Received: 20 September 2021
Accepted: 4 February 2022

Abstract

The [CII] 158 μm emission line represents one of the most profitable tools for the investigation of the high-redshift galaxies in the early Universe so far. Being one of the brightest cooling lines in the rest-frame far-infrared regime of star-forming galaxies, it has been successfully exploited as a tracer of the star-formation rate (SFR) in local sources. The picture is more complex at higher redshifts, where its usability in this context is still under investigation. Recent results from the ALMA Large Program to INvestigate [CII] at Early times (ALPINE) survey suggest that there is no (or weak) evolution of the L_[CII]-SFR relation up to z ∼ 6, but their reliability is hampered by the presence of a large population of [CII] nondetected galaxies.
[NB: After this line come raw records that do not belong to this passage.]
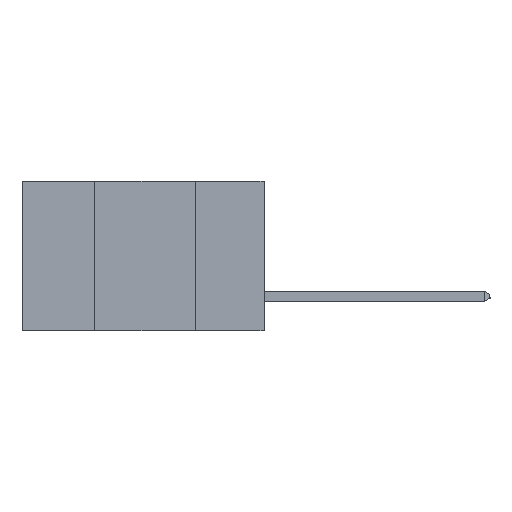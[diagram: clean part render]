
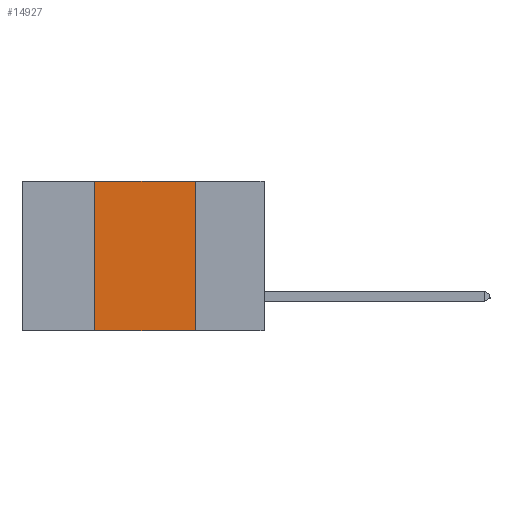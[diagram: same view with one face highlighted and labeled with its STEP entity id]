
A CAD part, left-side view. The second image highlights one B-rep face of the part: STEP entity #14927.
In plain terms, the highlighted planar face has unit normal (-1, 0, 0).
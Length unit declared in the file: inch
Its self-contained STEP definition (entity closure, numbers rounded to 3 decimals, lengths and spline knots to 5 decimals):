
#1742 = VECTOR ( 'NONE', #3407, 39.37008 ) ;
#1751 = CARTESIAN_POINT ( 'NONE',  ( 0., 0.6, -0.37 ) ) ;
#2263 = CARTESIAN_POINT ( 'NONE',  ( 0., 0.6, 0. ) ) ;
#2365 = FACE_OUTER_BOUND ( 'NONE', #21679, .T. ) ;
#3407 = DIRECTION ( 'NONE',  ( 0., -1., 0. ) ) ;
#3997 = LINE ( 'NONE', #25759, #16698 ) ;
#4200 = VERTEX_POINT ( 'NONE', #6982 ) ;
#4879 = EDGE_CURVE ( 'NONE', #11322, #4200, #24940, .T. ) ;
#5519 = ORIENTED_EDGE ( 'NONE', *, *, #9372, .T. ) ;
#6263 = VERTEX_POINT ( 'NONE', #10308 ) ;
#6513 = DIRECTION ( 'NONE',  ( 0., -1., 0. ) ) ;
#6982 = CARTESIAN_POINT ( 'NONE',  ( 0., 0.17, -0.37 ) ) ;
#8145 = ORIENTED_EDGE ( 'NONE', *, *, #4879, .F. ) ;
#9372 = EDGE_CURVE ( 'NONE', #25166, #4200, #30397, .T. ) ;
#10134 = CARTESIAN_POINT ( 'NONE',  ( 0., 0.17, 0. ) ) ;
#10308 = CARTESIAN_POINT ( 'NONE',  ( 0., 0.42, 0. ) ) ;
#10433 = EDGE_CURVE ( 'NONE', #25166, #6263, #3997, .T. ) ;
#11322 = VERTEX_POINT ( 'NONE', #10134 ) ;
#11515 = DIRECTION ( 'NONE',  ( 0., 0., 1. ) ) ;
#13679 = LINE ( 'NONE', #17686, #1742 ) ;
#14255 = DIRECTION ( 'NONE',  ( 1., 0., 0. ) ) ;
#14846 = CARTESIAN_POINT ( 'NONE',  ( 0., 0.17, 0. ) ) ;
#14927 = ADVANCED_FACE ( 'NONE', ( #2365 ), #28431, .F. ) ;
#16000 = ORIENTED_EDGE ( 'NONE', *, *, #18528, .F. ) ;
#16698 = VECTOR ( 'NONE', #11515, 39.37008 ) ;
#17686 = CARTESIAN_POINT ( 'NONE',  ( 0., 0.6, 0. ) ) ;
#17844 = VECTOR ( 'NONE', #6513, 39.37008 ) ;
#18528 = EDGE_CURVE ( 'NONE', #6263, #11322, #13679, .T. ) ;
#19629 = AXIS2_PLACEMENT_3D ( 'NONE', #2263, #14255, #26053 ) ;
#21679 = EDGE_LOOP ( 'NONE', ( #8145, #16000, #23849, #5519 ) ) ;
#23435 = DIRECTION ( 'NONE',  ( 0., 0., -1. ) ) ;
#23849 = ORIENTED_EDGE ( 'NONE', *, *, #10433, .F. ) ;
#24940 = LINE ( 'NONE', #14846, #30419 ) ;
#25038 = CARTESIAN_POINT ( 'NONE',  ( 0., 0.42, -0.37 ) ) ;
#25166 = VERTEX_POINT ( 'NONE', #25038 ) ;
#25759 = CARTESIAN_POINT ( 'NONE',  ( 0., 0.42, 0. ) ) ;
#26053 = DIRECTION ( 'NONE',  ( 0., 0., -1. ) ) ;
#28431 = PLANE ( 'NONE',  #19629 ) ;
#30397 = LINE ( 'NONE', #1751, #17844 ) ;
#30419 = VECTOR ( 'NONE', #23435, 39.37008 ) ;

In this work, we characterize the population of [CII] nondetections in ALPINE. By stacking their ALMA spectra, we obtained a signal detected at ∼5.1σ, resulting in a [CII] luminosity of log(L_[CII]/L_⊙)∼7.8. When combining this value with those from the [CII] detections, we found a L_[CII]-SFR relation with a slope b = 1.14 ± 0.11, which is in agreement within the uncertainties both with the linear relation found in the local Universe and with the previous findings from ALPINE at z ∼ 5. This suggests that the [CII] line can be considered a good tracer of star formation up to the distant Universe. Finally, we show that the galaxies of our sample that deviate from the observed L_[CII]-SFR relation most could suffer from a less precise redshift estimation, perhaps artificially reducing their [CII] luminosity. In this respect, we claim that there is no evidence in favor of a deficit of [CII] content in high-z galaxies, in contrast with earlier studies.